Task inputs Block Start

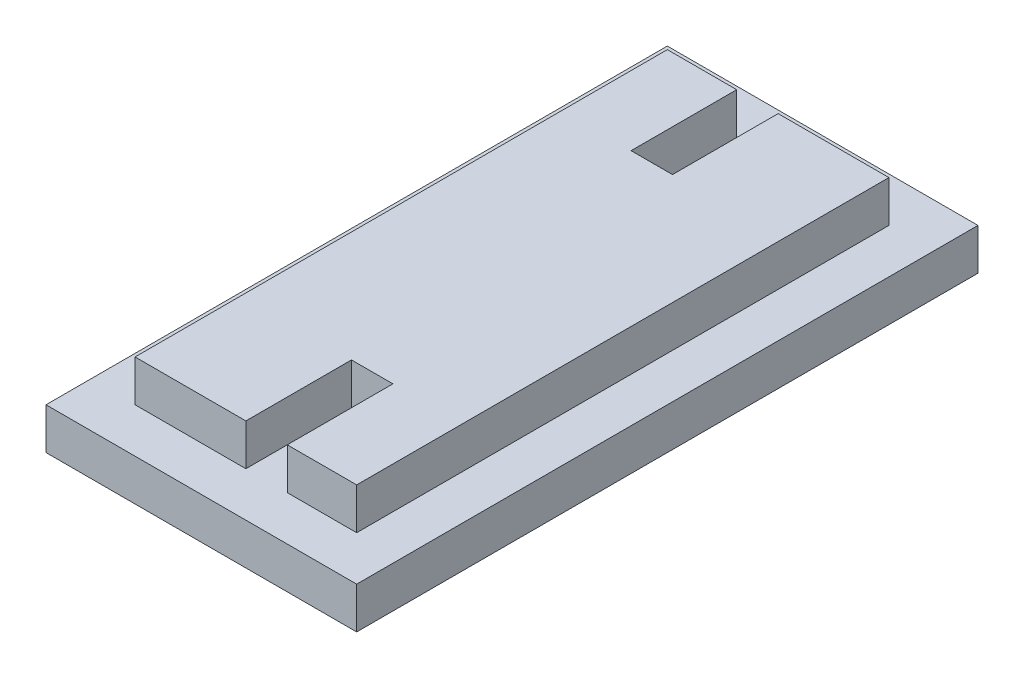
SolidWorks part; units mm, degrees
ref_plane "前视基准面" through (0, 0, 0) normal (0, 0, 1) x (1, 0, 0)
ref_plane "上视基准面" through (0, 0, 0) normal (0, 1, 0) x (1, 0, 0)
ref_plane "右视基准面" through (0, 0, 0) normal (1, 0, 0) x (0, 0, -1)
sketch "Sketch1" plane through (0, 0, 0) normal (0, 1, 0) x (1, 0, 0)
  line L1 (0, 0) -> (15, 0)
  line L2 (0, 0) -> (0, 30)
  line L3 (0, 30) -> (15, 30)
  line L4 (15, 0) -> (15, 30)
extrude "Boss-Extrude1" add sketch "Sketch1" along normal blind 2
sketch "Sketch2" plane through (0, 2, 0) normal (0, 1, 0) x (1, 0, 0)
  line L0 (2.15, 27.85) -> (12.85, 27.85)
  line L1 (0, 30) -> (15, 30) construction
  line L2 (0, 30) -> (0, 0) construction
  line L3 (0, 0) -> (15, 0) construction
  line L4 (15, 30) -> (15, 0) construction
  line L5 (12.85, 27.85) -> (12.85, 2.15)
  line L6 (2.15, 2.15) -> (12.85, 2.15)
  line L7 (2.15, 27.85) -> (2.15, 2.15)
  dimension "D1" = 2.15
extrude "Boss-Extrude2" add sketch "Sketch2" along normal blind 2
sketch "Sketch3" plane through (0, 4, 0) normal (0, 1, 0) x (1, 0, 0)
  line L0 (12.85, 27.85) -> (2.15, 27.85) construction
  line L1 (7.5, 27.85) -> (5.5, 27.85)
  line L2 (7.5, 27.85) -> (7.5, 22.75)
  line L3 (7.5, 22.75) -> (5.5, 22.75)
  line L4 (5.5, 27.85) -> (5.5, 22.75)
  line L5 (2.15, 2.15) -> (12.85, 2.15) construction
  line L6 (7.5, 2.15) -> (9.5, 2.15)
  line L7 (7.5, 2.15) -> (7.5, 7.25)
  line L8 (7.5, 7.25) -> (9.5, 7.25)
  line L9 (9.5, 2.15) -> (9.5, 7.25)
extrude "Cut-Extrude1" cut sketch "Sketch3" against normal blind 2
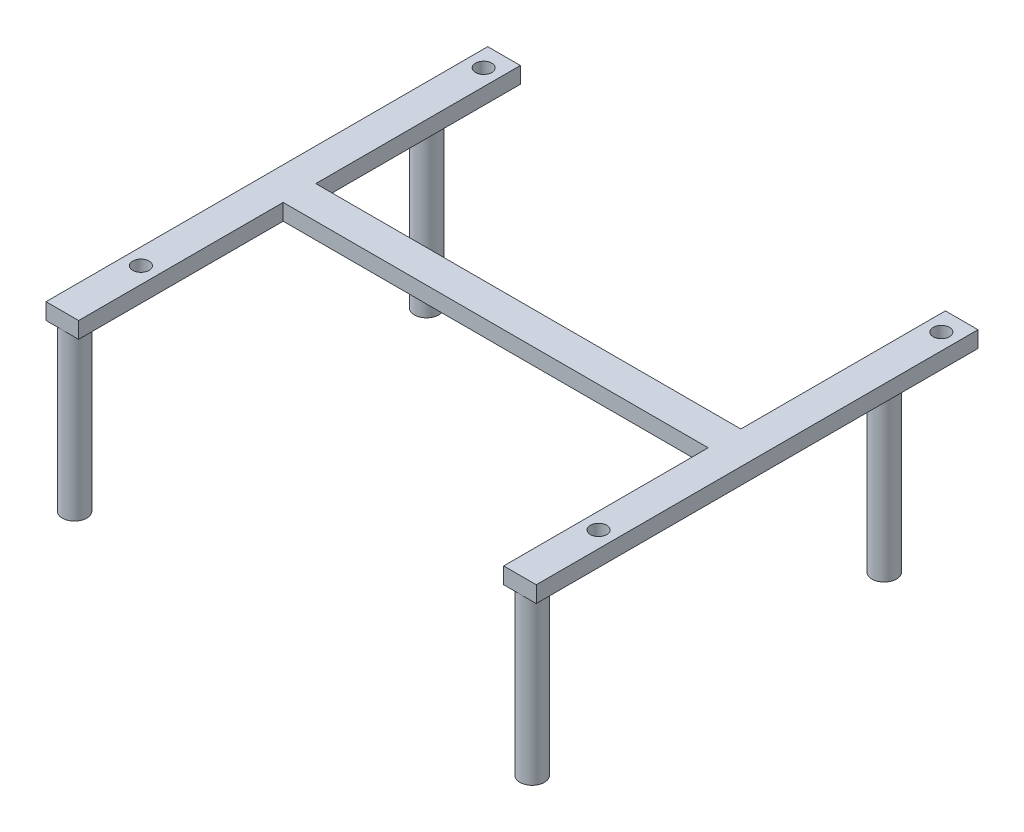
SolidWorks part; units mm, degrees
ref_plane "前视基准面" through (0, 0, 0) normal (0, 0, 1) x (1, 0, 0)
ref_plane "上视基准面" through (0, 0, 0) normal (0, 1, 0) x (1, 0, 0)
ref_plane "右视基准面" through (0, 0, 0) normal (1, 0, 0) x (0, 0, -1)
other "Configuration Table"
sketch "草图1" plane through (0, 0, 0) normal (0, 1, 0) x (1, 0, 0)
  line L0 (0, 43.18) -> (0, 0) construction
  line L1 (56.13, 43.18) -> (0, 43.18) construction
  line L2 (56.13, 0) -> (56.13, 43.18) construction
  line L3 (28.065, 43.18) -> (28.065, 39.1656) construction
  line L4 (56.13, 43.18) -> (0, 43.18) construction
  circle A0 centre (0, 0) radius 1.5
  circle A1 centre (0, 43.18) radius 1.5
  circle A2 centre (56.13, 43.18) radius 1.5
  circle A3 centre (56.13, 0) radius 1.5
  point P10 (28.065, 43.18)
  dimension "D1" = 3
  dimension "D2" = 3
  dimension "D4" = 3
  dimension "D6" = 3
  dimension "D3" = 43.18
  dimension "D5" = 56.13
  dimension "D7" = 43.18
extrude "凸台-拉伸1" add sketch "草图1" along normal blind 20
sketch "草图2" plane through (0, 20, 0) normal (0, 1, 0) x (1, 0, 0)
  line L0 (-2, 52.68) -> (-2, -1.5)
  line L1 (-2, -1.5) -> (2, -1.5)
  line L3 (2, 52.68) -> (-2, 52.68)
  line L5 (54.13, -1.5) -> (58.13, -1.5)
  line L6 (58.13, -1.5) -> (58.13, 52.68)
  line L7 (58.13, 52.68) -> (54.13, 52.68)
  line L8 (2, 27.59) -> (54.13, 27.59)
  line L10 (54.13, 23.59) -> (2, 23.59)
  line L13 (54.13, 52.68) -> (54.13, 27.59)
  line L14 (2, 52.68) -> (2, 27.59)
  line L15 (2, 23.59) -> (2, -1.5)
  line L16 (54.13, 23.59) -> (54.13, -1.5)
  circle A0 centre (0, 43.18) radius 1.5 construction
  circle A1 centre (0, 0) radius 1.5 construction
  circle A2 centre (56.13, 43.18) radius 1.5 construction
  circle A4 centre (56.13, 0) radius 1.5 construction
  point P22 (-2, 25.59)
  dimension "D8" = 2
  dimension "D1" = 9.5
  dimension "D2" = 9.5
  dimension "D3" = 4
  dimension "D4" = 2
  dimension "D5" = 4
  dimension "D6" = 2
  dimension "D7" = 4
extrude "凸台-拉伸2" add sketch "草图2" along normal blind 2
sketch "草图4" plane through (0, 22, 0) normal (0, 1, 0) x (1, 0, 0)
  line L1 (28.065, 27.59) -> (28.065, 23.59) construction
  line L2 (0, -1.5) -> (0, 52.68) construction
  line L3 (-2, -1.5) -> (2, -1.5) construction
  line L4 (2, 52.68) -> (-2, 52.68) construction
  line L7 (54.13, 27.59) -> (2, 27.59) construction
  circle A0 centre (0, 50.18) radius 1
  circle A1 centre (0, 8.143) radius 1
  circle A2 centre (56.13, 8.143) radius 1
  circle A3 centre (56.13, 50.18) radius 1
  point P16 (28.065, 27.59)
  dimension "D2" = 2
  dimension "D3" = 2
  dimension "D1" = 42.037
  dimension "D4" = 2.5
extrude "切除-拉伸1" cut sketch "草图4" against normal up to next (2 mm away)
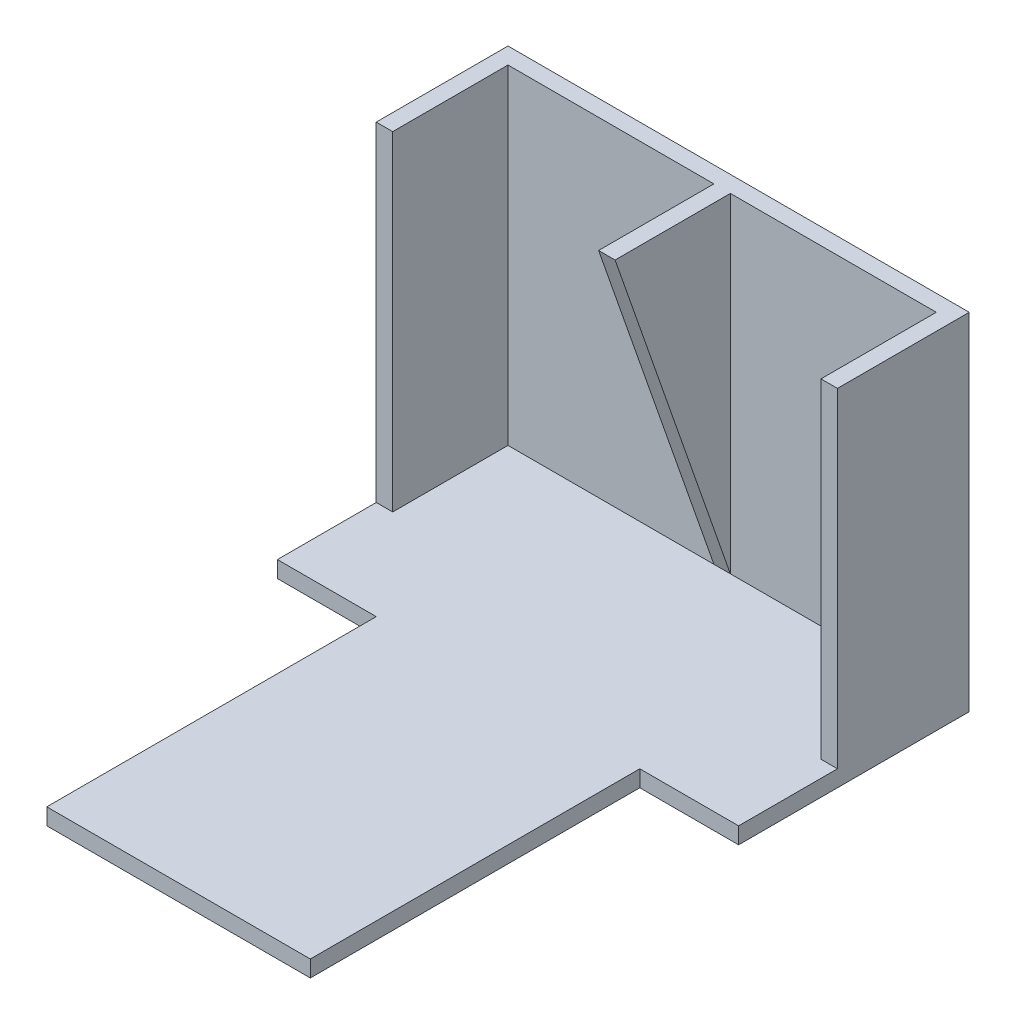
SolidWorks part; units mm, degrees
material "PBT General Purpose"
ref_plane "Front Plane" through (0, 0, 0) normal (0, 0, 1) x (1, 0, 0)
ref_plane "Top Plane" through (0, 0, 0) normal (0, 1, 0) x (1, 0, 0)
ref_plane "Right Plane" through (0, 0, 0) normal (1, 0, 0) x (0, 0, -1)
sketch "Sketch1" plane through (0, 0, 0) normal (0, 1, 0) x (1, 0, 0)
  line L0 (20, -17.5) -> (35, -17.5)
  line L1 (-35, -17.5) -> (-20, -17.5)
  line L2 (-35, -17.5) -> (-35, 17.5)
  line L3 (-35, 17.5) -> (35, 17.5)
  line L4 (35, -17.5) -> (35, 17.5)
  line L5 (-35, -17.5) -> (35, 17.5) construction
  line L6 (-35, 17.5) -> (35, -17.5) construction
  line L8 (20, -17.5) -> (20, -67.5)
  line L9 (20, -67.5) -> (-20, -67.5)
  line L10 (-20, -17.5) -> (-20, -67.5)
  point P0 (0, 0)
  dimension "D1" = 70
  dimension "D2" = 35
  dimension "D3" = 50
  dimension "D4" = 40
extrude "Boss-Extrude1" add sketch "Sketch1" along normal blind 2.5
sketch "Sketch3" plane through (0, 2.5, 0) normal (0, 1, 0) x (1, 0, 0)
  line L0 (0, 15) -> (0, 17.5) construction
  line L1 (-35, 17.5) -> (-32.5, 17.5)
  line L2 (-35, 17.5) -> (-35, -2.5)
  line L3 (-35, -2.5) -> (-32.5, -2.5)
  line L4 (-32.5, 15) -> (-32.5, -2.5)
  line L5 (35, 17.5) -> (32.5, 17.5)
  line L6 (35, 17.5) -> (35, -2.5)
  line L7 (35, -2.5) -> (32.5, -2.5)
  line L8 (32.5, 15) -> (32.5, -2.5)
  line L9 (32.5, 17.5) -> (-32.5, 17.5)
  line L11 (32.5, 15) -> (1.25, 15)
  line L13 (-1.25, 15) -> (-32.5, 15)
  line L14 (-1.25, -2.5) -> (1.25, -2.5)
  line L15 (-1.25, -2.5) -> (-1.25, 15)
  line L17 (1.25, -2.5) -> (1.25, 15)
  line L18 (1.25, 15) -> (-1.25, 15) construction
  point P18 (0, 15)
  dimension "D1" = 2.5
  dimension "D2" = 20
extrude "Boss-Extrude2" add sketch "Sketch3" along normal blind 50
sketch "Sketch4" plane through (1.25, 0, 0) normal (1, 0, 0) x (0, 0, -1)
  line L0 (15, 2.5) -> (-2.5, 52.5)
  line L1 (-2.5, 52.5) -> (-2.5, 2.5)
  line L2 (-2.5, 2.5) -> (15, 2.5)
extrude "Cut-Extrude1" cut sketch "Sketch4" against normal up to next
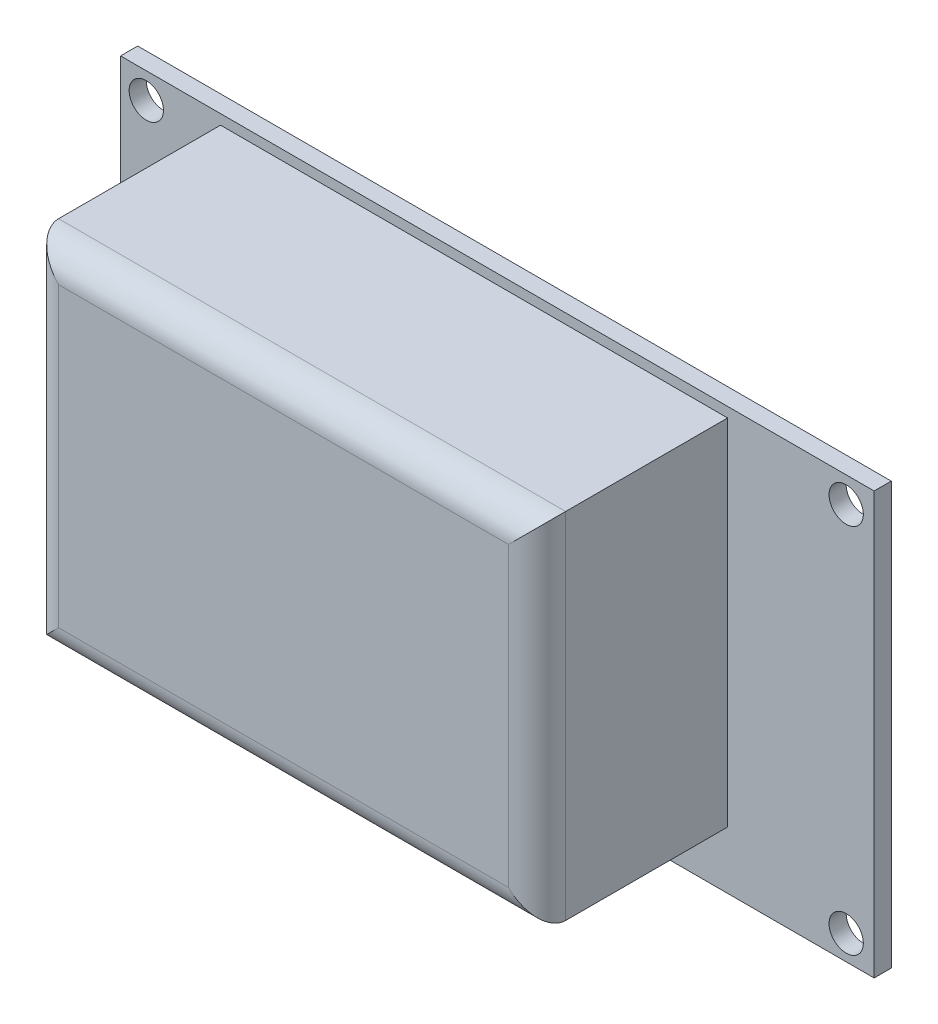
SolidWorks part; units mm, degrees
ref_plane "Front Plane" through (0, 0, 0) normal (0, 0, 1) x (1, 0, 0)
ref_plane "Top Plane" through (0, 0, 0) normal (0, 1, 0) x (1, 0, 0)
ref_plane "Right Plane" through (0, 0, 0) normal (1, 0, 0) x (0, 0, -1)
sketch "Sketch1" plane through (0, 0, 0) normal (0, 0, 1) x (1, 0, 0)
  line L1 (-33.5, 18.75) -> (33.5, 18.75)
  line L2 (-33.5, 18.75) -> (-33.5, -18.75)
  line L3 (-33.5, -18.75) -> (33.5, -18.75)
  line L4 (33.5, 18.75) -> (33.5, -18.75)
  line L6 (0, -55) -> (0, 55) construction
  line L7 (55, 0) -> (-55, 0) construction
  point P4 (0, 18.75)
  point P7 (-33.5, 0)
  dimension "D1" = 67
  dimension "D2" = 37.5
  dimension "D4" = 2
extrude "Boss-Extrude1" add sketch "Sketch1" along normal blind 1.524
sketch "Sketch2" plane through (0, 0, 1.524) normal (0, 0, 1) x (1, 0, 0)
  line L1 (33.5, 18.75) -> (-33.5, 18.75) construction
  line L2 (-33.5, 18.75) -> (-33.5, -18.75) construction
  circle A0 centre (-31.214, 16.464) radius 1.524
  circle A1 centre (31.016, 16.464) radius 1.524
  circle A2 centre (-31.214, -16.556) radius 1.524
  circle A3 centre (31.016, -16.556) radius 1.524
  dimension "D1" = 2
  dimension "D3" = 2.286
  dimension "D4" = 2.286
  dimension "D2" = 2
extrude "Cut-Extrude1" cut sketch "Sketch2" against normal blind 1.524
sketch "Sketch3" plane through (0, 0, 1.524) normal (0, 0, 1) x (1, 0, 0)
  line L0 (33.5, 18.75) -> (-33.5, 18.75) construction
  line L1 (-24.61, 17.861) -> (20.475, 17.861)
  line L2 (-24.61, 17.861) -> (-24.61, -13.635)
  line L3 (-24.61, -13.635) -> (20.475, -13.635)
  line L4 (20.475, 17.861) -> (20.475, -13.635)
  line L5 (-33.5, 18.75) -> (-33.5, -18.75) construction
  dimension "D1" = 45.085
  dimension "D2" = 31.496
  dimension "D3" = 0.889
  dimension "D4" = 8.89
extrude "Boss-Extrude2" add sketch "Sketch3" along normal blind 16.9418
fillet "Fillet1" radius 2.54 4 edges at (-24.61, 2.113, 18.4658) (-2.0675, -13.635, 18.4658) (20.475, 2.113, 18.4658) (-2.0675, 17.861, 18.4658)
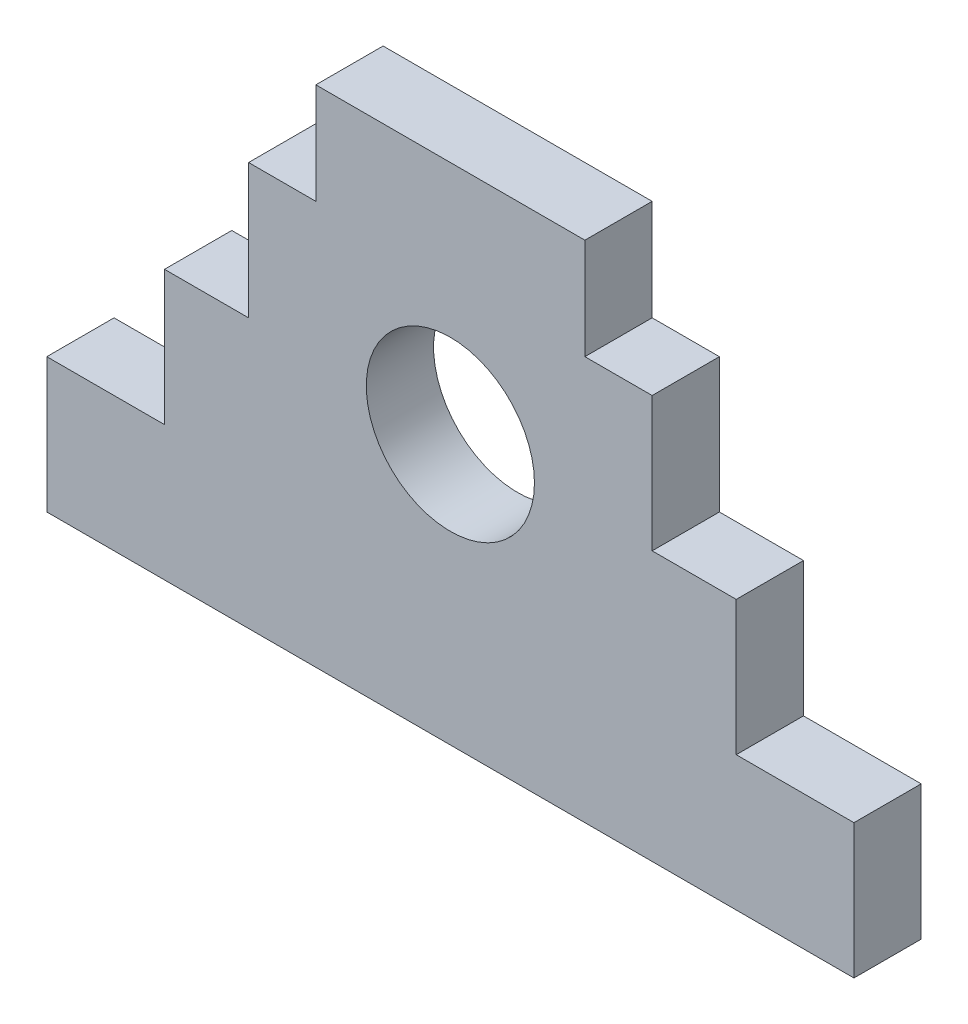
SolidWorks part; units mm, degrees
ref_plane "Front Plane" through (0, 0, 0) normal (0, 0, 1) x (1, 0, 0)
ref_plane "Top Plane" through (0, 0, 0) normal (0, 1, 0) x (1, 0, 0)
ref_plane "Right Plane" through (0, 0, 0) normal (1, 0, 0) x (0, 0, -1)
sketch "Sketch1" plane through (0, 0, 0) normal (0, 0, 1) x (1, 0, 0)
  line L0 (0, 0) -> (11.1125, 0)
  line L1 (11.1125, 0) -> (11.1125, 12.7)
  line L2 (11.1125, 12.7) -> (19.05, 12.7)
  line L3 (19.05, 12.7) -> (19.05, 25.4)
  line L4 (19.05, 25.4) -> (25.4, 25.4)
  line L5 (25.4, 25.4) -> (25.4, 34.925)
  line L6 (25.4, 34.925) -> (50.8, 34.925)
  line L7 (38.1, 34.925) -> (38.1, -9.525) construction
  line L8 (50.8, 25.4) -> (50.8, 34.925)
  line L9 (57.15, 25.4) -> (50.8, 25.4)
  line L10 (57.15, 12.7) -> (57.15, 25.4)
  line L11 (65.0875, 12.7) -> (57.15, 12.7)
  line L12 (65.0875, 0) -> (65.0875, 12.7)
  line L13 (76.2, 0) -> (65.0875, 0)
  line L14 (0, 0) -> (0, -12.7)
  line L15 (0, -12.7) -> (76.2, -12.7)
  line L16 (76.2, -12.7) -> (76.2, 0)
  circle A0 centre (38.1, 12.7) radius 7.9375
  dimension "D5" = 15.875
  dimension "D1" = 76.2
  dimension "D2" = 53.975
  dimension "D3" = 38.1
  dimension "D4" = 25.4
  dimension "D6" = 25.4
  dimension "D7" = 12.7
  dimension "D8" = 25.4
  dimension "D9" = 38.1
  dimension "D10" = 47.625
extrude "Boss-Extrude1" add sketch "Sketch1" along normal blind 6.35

Task inputs Block End

Begin at the line that has "circle A1 centre (0, 0)" in the entries above; stop after the line that has "circle A1 centre (0, 8.143) radius 1". Transcribe exactly those lines and no others.

  circle A1 centre (0, 0) radius 1.5 construction
  circle A2 centre (56.13, 43.18) radius 1.5 construction
  circle A4 centre (56.13, 0) radius 1.5 construction
  point P22 (-2, 25.59)
  dimension "D8" = 2
  dimension "D1" = 9.5
  dimension "D2" = 9.5
  dimension "D3" = 4
  dimension "D4" = 2
  dimension "D5" = 4
  dimension "D6" = 2
  dimension "D7" = 4
extrude "凸台-拉伸2" add sketch "草图2" along normal blind 2
sketch "草图4" plane through (0, 22, 0) normal (0, 1, 0) x (1, 0, 0)
  line L1 (28.065, 27.59) -> (28.065, 23.59) construction
  line L2 (0, -1.5) -> (0, 52.68) construction
  line L3 (-2, -1.5) -> (2, -1.5) construction
  line L4 (2, 52.68) -> (-2, 52.68) construction
  line L7 (54.13, 27.59) -> (2, 27.59) construction
  circle A0 centre (0, 50.18) radius 1
  circle A1 centre (0, 8.143) radius 1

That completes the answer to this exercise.